This research covers this gap by studying the failure mode of fixings in shear, when attached to different types of plasterboard with various properties. Also, the stiffening effect of the fixings is examined using different fixing diameters and the contribution of the head of the fixing is studied. The effect of composite action of light steel wall panels boarded with different types of plasterboard has also taken into account for out-of-plane loading simulating the wind pressure.

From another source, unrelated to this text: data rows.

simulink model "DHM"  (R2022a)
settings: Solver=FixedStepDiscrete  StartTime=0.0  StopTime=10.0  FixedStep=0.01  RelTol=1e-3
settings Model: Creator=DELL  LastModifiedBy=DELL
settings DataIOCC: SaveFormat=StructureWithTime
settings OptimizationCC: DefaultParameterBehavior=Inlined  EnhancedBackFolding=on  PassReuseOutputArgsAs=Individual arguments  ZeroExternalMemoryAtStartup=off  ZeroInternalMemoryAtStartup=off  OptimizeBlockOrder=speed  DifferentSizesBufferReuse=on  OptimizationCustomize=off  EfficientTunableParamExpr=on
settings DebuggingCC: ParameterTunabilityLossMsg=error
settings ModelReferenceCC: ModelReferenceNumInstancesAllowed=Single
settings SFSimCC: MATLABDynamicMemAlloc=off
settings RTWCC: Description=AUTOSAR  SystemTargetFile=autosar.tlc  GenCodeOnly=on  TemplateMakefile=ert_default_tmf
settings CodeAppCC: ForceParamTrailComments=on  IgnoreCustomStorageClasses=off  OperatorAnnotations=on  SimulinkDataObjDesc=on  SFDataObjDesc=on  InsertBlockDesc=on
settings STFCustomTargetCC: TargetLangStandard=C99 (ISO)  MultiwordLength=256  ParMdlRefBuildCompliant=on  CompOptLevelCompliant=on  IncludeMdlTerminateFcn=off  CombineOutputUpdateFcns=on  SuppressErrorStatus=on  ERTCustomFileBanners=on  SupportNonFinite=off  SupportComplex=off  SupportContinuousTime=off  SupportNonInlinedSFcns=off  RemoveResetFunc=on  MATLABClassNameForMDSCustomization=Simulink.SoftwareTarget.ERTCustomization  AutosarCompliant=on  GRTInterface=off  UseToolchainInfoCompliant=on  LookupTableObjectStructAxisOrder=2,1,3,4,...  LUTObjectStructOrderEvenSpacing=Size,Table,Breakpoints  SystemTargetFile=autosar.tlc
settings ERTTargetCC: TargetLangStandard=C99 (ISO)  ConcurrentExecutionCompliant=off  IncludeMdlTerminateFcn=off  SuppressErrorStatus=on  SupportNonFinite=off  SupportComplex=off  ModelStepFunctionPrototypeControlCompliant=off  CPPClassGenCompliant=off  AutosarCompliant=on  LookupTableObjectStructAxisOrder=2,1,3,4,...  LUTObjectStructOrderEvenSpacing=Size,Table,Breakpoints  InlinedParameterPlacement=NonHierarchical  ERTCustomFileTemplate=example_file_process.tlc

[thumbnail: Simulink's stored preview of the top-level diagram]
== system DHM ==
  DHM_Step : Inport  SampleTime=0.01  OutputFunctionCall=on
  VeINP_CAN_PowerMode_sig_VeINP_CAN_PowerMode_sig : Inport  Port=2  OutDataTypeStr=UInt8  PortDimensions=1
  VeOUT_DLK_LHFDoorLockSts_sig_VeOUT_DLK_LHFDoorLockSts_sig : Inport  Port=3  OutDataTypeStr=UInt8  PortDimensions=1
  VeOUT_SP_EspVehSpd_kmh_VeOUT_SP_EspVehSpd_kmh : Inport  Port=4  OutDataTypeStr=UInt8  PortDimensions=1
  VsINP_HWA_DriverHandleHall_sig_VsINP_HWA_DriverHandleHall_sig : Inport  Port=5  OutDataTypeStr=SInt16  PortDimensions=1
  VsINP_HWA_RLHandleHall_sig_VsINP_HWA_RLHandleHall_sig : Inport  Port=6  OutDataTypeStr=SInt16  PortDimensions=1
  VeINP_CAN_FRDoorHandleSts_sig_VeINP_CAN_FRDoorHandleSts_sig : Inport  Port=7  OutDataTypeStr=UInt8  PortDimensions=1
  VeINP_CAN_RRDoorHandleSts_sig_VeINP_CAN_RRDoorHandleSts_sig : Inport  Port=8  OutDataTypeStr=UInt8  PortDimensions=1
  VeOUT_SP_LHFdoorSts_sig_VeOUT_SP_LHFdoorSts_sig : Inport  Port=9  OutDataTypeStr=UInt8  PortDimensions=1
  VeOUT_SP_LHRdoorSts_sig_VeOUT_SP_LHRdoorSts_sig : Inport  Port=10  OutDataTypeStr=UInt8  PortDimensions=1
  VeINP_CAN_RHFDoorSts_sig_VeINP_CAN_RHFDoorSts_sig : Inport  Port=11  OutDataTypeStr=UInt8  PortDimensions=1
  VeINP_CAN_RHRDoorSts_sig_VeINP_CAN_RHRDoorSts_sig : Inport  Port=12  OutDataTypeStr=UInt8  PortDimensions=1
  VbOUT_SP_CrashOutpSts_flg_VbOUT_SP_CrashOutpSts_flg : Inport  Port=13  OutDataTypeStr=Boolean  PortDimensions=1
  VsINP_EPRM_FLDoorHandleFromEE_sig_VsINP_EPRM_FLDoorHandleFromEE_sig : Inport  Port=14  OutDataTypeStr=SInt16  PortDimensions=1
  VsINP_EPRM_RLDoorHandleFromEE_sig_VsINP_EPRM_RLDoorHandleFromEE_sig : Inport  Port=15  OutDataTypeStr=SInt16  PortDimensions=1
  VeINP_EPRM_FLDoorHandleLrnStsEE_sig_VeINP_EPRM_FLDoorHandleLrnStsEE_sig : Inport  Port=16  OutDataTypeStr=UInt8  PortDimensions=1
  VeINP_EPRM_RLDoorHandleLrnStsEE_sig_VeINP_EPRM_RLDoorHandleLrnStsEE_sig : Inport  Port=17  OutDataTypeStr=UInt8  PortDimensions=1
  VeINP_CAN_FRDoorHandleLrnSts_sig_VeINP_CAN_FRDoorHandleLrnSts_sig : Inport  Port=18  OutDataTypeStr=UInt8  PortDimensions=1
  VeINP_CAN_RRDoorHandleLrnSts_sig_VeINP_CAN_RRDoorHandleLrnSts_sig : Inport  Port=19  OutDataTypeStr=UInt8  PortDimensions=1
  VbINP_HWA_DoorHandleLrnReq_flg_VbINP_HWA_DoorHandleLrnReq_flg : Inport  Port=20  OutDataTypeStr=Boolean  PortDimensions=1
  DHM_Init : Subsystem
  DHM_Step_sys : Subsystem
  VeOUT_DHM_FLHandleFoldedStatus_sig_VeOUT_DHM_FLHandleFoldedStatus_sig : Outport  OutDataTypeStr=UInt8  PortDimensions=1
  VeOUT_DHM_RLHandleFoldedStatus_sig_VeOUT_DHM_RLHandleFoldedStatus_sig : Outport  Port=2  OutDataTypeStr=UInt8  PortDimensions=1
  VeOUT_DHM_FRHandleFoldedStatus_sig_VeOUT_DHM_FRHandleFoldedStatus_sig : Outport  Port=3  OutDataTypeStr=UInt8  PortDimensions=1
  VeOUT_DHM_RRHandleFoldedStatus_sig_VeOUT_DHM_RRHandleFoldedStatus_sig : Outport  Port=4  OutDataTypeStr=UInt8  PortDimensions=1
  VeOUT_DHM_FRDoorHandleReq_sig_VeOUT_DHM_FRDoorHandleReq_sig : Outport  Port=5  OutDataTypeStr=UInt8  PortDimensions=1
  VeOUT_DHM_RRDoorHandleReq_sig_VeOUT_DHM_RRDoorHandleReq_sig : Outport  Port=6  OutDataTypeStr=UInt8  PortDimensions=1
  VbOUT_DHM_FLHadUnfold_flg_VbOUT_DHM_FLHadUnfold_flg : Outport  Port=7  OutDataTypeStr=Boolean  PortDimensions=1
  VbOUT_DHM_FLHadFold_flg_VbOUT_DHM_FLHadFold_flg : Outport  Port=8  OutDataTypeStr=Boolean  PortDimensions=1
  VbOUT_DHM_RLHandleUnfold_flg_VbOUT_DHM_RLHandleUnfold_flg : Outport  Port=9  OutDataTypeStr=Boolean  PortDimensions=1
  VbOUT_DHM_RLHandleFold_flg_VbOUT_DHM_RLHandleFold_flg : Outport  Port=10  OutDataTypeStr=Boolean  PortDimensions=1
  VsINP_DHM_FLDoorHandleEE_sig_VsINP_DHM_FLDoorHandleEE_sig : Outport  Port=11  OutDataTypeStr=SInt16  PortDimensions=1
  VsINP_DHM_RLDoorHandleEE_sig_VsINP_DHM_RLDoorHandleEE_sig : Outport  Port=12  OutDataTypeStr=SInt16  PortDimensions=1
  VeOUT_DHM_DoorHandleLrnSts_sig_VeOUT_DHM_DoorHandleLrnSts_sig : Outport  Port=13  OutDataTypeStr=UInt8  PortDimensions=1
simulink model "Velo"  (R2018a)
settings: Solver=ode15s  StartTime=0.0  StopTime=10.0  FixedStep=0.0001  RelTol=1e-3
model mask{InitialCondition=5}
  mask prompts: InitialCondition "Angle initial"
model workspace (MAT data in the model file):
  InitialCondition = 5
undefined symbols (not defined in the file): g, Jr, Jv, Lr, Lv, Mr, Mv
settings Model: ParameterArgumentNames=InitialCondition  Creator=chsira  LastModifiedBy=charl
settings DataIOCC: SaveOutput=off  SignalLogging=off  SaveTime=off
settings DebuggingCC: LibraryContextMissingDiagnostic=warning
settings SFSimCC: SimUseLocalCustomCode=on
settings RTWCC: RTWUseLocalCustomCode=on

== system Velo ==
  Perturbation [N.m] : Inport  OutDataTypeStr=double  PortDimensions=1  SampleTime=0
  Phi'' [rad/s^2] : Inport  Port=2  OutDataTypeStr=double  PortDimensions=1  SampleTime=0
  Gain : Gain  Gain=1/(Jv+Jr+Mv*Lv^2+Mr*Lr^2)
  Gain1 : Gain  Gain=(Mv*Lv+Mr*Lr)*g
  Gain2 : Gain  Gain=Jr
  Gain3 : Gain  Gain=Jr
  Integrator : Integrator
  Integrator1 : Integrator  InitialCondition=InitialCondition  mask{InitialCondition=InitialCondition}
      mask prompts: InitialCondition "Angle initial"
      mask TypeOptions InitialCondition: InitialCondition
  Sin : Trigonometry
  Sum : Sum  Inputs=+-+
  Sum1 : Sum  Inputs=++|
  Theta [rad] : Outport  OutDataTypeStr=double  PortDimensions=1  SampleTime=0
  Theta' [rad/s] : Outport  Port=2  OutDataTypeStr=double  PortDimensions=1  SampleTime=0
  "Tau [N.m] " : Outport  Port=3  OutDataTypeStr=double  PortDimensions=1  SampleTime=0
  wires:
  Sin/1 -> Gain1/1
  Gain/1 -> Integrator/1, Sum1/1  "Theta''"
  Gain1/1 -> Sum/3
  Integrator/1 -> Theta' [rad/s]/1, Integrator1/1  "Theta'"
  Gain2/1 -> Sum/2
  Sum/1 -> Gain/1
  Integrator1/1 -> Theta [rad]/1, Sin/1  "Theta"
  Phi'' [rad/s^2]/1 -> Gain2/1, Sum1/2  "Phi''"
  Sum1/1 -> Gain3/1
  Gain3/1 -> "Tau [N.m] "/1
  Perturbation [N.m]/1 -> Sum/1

A series of bending tests on 3.6 and 4.8m long walls using C sections to determine the composite action with boards was performed and was correlated with composite action theory.
The composite behaviour of fixings acting in shear between gypsum board and thin steel sections depends on the
effective properties of the board material in compression at the base of the fixing and the contribution of the head of
the fixing as it rotates. An elastic method is presented to determine the stiffness of the fixings, which uses the
effective elastic modulus of the gypsum board determined from a ?dowel? test in bearing based on the BS EN 383:2007
test. The deformation of the board in front of the fixing was determined by finite-element (FE) modelling as acting
over a constant strain zone of approximately 1·5 times the fixing diameter. A plastic method is also presented
to determine the shear resistance of fixings into gypsum board based on the compression resistance obtained
from a dowel test on the BS EN 383:2007 test. The theory is compared with the results of FE models using Abaqus for
3·5 mm dia. fixings into 12·5 mm thick gypsum board and with tests on fixings in shear and dowel tests; the
correlation is shown to be good. A small-scale push test is proposed to determine fixing properties in shear.